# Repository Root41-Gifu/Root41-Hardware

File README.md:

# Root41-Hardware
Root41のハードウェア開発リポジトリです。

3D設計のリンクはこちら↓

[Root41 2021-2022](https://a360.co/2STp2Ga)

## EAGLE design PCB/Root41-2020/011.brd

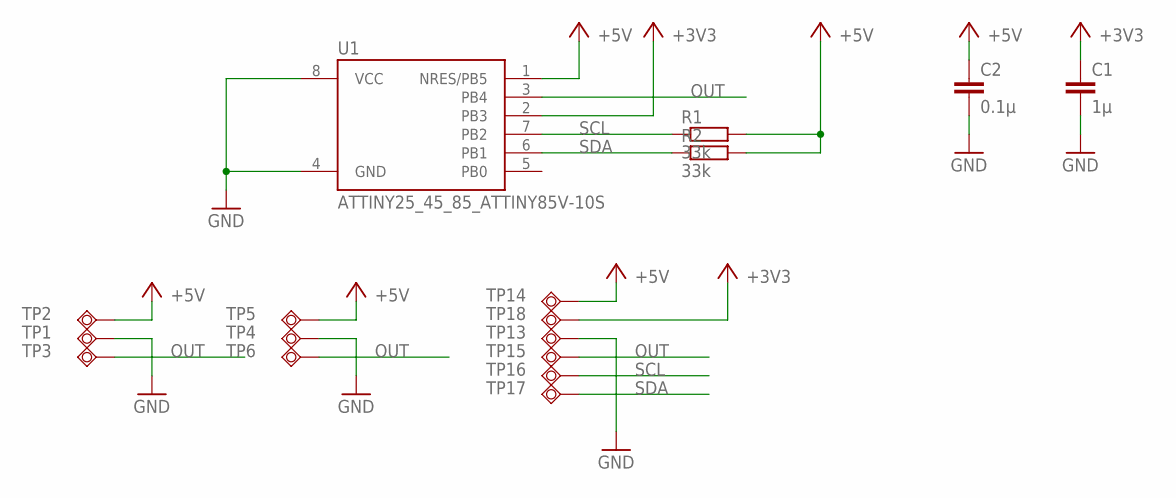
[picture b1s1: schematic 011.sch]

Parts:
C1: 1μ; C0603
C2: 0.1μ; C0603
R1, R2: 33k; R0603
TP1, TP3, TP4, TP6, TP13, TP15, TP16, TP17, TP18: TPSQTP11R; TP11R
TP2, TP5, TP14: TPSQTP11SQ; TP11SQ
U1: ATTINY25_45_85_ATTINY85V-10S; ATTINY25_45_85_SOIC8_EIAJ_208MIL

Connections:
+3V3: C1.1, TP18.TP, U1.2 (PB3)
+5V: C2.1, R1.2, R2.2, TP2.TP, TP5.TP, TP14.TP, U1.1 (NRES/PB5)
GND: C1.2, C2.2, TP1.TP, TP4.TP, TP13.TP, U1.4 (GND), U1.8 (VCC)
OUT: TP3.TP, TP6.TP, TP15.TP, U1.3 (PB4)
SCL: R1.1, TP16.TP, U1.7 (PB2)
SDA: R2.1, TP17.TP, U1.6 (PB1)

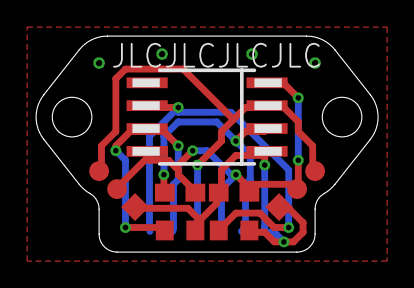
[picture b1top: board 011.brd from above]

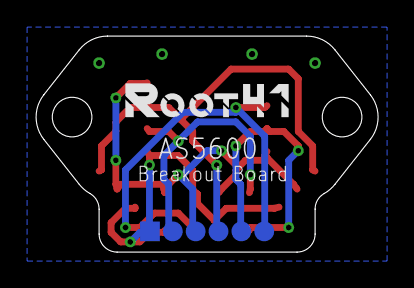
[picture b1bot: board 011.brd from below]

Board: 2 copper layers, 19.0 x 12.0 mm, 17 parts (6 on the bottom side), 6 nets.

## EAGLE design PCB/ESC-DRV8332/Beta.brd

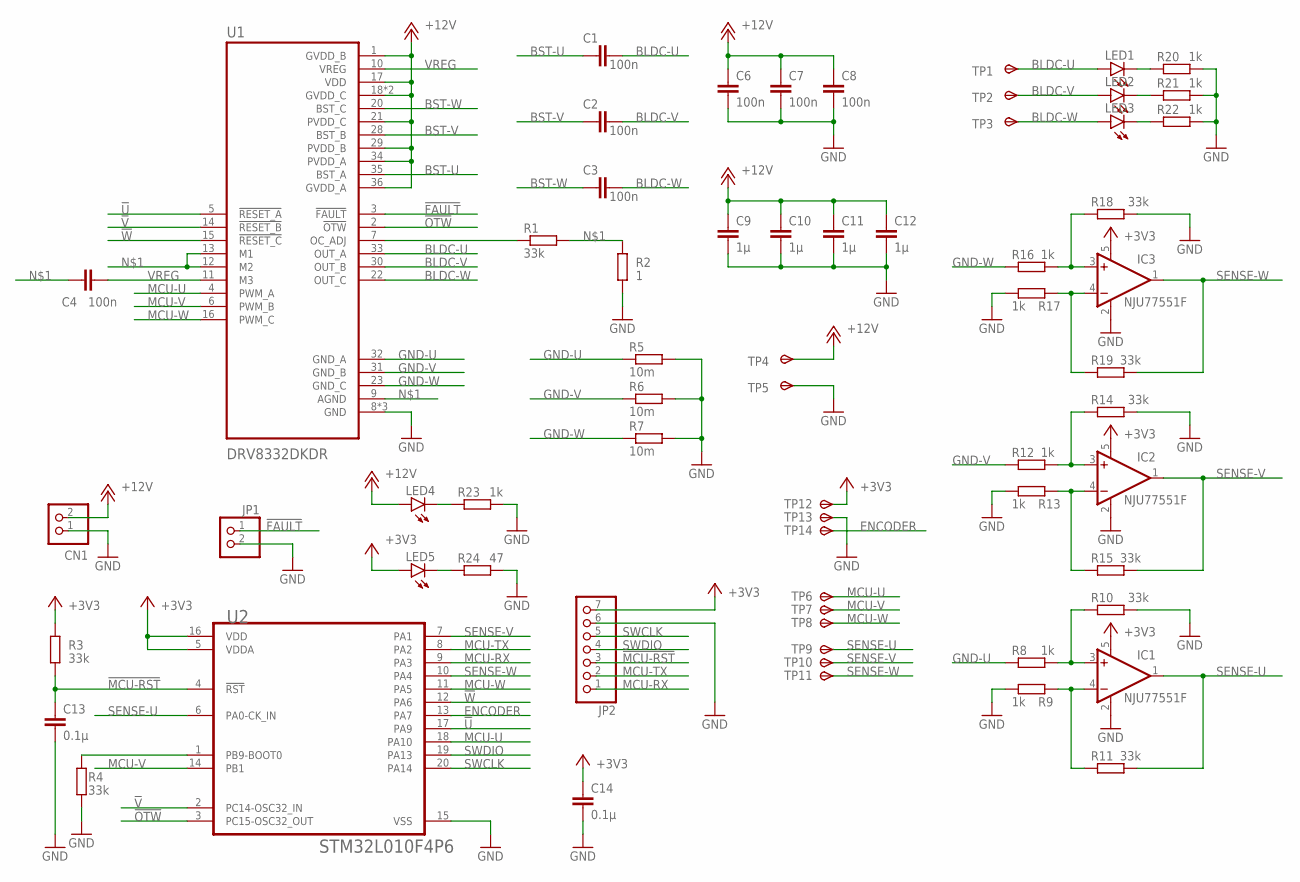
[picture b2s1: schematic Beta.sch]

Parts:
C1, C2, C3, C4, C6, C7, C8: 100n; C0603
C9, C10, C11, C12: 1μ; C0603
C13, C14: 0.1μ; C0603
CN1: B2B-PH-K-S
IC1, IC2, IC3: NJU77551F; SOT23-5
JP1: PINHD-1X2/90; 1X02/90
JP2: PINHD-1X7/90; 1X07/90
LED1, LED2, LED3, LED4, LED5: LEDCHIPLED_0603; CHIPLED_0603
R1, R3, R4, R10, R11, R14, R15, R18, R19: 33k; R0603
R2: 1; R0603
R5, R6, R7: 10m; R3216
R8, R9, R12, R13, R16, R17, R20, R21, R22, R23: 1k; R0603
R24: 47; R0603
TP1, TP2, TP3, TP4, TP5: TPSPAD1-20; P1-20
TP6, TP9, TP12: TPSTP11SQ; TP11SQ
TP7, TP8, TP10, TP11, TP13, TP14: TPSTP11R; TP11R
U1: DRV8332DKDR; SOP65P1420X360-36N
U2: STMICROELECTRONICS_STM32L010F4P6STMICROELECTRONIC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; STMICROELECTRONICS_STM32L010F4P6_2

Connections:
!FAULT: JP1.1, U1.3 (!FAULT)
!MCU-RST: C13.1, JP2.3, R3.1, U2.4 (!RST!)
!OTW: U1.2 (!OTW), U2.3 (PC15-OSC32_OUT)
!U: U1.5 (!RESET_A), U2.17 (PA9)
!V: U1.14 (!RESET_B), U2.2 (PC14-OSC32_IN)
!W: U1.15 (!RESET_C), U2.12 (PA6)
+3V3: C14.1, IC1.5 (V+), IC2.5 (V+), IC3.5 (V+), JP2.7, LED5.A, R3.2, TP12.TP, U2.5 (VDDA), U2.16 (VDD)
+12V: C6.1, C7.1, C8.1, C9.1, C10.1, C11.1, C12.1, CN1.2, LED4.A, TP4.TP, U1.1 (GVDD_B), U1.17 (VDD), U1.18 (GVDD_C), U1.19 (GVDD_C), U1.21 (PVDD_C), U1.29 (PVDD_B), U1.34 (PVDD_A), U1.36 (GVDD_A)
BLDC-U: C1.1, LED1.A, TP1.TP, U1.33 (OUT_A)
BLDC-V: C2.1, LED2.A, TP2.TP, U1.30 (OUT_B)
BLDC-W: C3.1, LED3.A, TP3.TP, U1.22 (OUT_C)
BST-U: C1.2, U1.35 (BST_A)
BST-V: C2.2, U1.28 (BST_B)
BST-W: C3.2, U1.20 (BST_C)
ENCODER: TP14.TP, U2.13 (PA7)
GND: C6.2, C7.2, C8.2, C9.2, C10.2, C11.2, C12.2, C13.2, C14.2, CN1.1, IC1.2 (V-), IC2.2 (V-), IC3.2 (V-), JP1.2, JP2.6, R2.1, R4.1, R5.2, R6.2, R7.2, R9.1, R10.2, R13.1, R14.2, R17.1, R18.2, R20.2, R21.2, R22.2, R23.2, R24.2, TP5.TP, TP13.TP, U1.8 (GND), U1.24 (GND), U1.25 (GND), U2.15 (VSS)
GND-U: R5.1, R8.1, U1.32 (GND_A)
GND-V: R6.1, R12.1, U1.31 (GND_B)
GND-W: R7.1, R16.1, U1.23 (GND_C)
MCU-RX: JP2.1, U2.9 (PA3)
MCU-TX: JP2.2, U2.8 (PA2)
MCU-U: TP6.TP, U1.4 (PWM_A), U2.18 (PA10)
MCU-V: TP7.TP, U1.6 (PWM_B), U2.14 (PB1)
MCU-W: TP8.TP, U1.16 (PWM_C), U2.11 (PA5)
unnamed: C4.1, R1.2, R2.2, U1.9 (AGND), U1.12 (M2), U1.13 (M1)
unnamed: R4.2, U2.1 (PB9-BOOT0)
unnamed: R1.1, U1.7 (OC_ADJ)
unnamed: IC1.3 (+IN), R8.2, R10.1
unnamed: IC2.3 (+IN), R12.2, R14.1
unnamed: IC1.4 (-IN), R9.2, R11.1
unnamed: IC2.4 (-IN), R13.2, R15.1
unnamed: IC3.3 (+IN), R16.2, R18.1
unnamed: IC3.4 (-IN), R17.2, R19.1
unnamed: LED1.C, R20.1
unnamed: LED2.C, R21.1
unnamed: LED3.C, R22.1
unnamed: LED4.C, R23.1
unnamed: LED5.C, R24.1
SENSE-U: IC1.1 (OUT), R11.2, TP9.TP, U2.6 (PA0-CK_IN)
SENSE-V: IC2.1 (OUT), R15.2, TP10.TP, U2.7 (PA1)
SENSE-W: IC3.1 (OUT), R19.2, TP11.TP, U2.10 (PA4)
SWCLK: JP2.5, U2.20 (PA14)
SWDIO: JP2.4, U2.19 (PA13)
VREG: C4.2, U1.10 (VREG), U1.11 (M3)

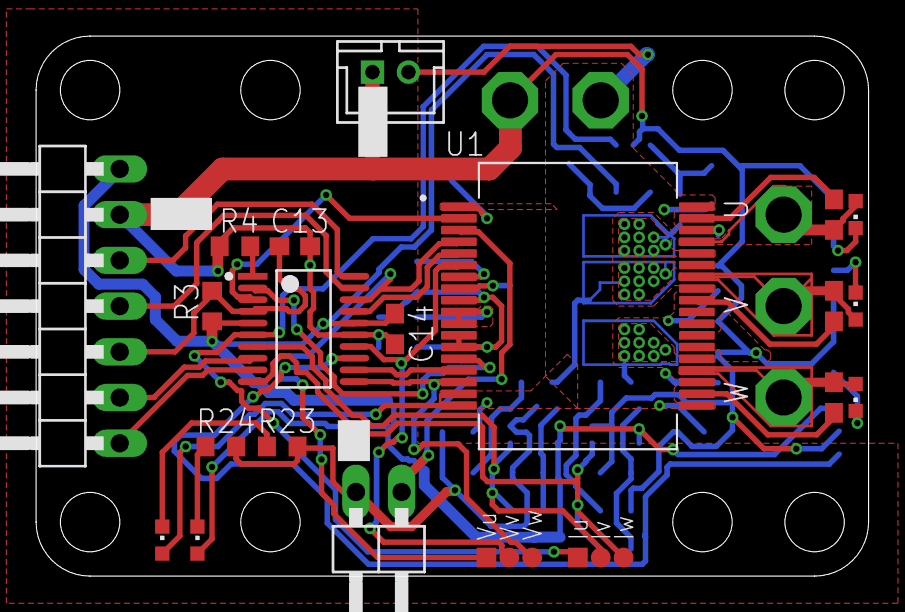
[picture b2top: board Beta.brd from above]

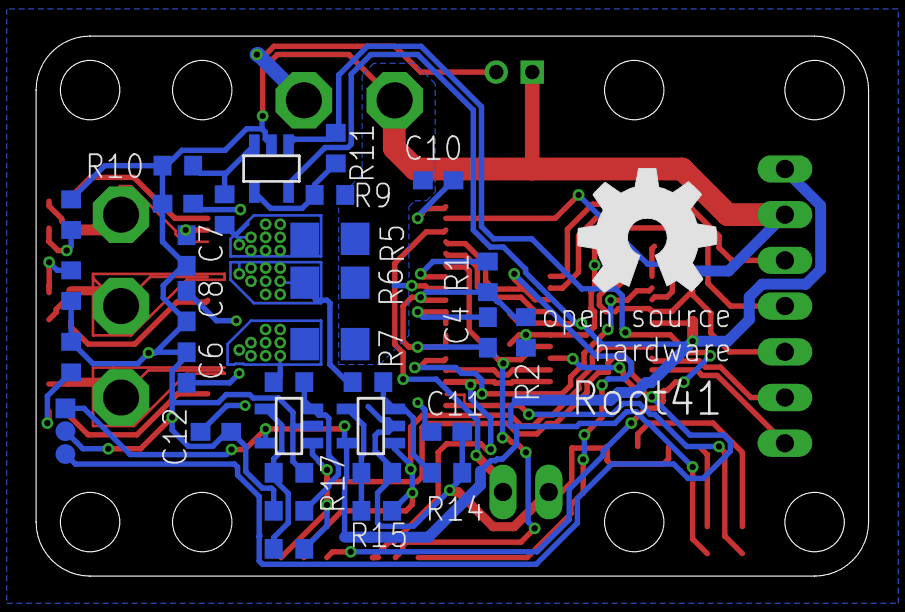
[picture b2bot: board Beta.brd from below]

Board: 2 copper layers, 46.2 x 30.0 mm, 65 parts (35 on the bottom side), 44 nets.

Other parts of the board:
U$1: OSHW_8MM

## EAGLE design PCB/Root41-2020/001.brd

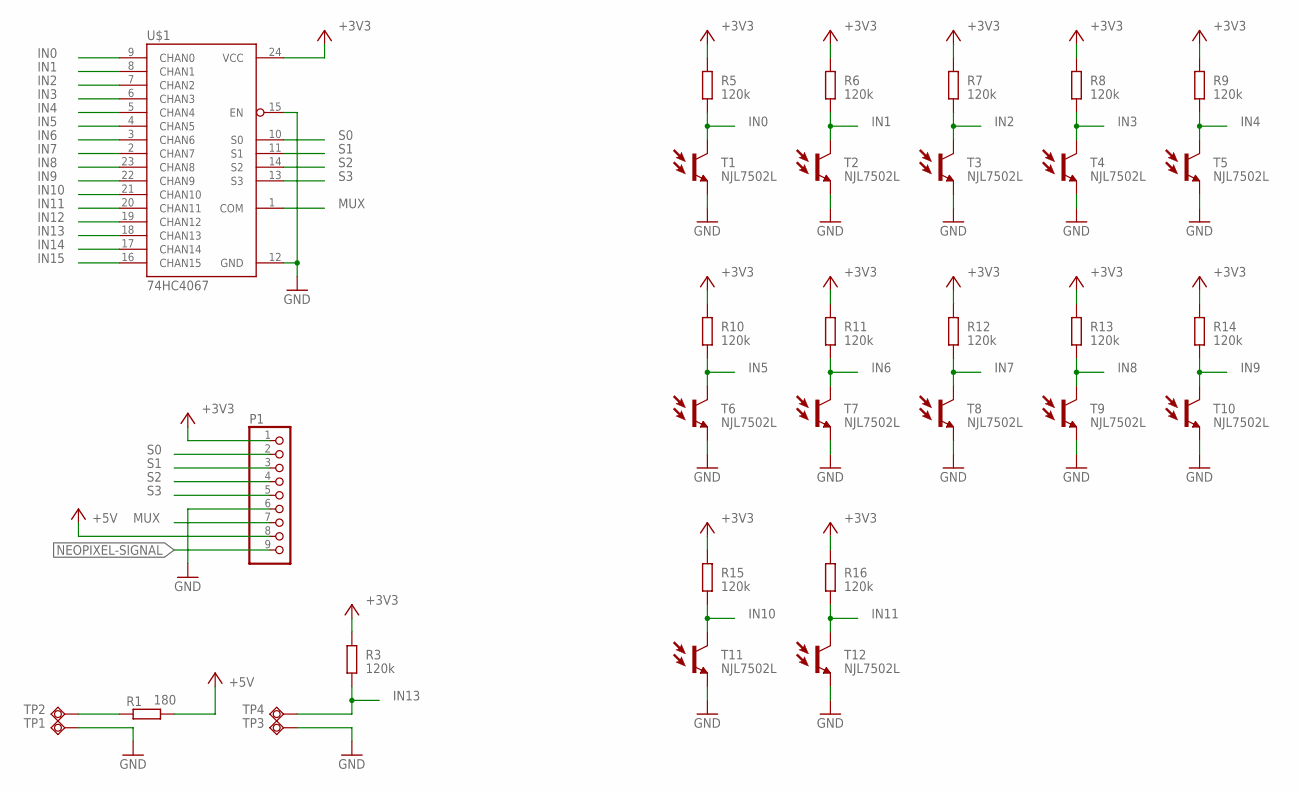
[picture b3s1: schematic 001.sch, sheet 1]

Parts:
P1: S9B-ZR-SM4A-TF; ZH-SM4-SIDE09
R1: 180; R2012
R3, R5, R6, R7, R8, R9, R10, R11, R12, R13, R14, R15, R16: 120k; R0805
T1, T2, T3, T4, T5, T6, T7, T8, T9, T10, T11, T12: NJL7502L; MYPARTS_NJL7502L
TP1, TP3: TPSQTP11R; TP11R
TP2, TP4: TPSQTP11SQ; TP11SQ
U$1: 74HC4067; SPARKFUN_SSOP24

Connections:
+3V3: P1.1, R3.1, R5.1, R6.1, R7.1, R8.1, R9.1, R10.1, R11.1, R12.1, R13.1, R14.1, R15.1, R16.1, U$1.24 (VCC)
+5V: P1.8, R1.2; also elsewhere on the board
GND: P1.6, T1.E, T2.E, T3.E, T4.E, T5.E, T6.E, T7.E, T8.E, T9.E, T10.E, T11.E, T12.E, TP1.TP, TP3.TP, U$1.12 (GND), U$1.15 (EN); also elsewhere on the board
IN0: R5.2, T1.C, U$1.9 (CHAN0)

Exercise goal: Nothing should appear in the answer except the lines from the first line of the data through the line holding "(!OTW), U2.3 (PC15-OSC32_OUT)", exactly as written, with pictures left out.

Answer to the exercise:
# Repository Root41-Gifu/Root41-Hardware

File README.md:

# Root41-Hardware
Root41のハードウェア開発リポジトリです。

3D設計のリンクはこちら↓

[Root41 2021-2022](https://a360.co/2STp2Ga)

## EAGLE design PCB/Root41-2020/011.brd

[picture b1s1: schematic 011.sch]

Parts:
C1: 1μ; C0603
C2: 0.1μ; C0603
R1, R2: 33k; R0603
TP1, TP3, TP4, TP6, TP13, TP15, TP16, TP17, TP18: TPSQTP11R; TP11R
TP2, TP5, TP14: TPSQTP11SQ; TP11SQ
U1: ATTINY25_45_85_ATTINY85V-10S; ATTINY25_45_85_SOIC8_EIAJ_208MIL

Connections:
+3V3: C1.1, TP18.TP, U1.2 (PB3)
+5V: C2.1, R1.2, R2.2, TP2.TP, TP5.TP, TP14.TP, U1.1 (NRES/PB5)
GND: C1.2, C2.2, TP1.TP, TP4.TP, TP13.TP, U1.4 (GND), U1.8 (VCC)
OUT: TP3.TP, TP6.TP, TP15.TP, U1.3 (PB4)
SCL: R1.1, TP16.TP, U1.7 (PB2)
SDA: R2.1, TP17.TP, U1.6 (PB1)

[picture b1top: board 011.brd from above]

[picture b1bot: board 011.brd from below]

Board: 2 copper layers, 19.0 x 12.0 mm, 17 parts (6 on the bottom side), 6 nets.

## EAGLE design PCB/ESC-DRV8332/Beta.brd

[picture b2s1: schematic Beta.sch]

Parts:
C1, C2, C3, C4, C6, C7, C8: 100n; C0603
C9, C10, C11, C12: 1μ; C0603
C13, C14: 0.1μ; C0603
CN1: B2B-PH-K-S
IC1, IC2, IC3: NJU77551F; SOT23-5
JP1: PINHD-1X2/90; 1X02/90
JP2: PINHD-1X7/90; 1X07/90
LED1, LED2, LED3, LED4, LED5: LEDCHIPLED_0603; CHIPLED_0603
R1, R3, R4, R10, R11, R14, R15, R18, R19: 33k; R0603
R2: 1; R0603
R5, R6, R7: 10m; R3216
R8, R9, R12, R13, R16, R17, R20, R21, R22, R23: 1k; R0603
R24: 47; R0603
TP1, TP2, TP3, TP4, TP5: TPSPAD1-20; P1-20
TP6, TP9, TP12: TPSTP11SQ; TP11SQ
TP7, TP8, TP10, TP11, TP13, TP14: TPSTP11R; TP11R
U1: DRV8332DKDR; SOP65P1420X360-36N
U2: STMICROELECTRONICS_STM32L010F4P6STMICROELECTRONIC; STMICROELECTRONICS_STM32L010F4P6_2

Connections:
!FAULT: JP1.1, U1.3 (!FAULT)
!MCU-RST: C13.1, JP2.3, R3.1, U2.4 (!RST!)
!OTW: U1.2 (!OTW), U2.3 (PC15-OSC32_OUT)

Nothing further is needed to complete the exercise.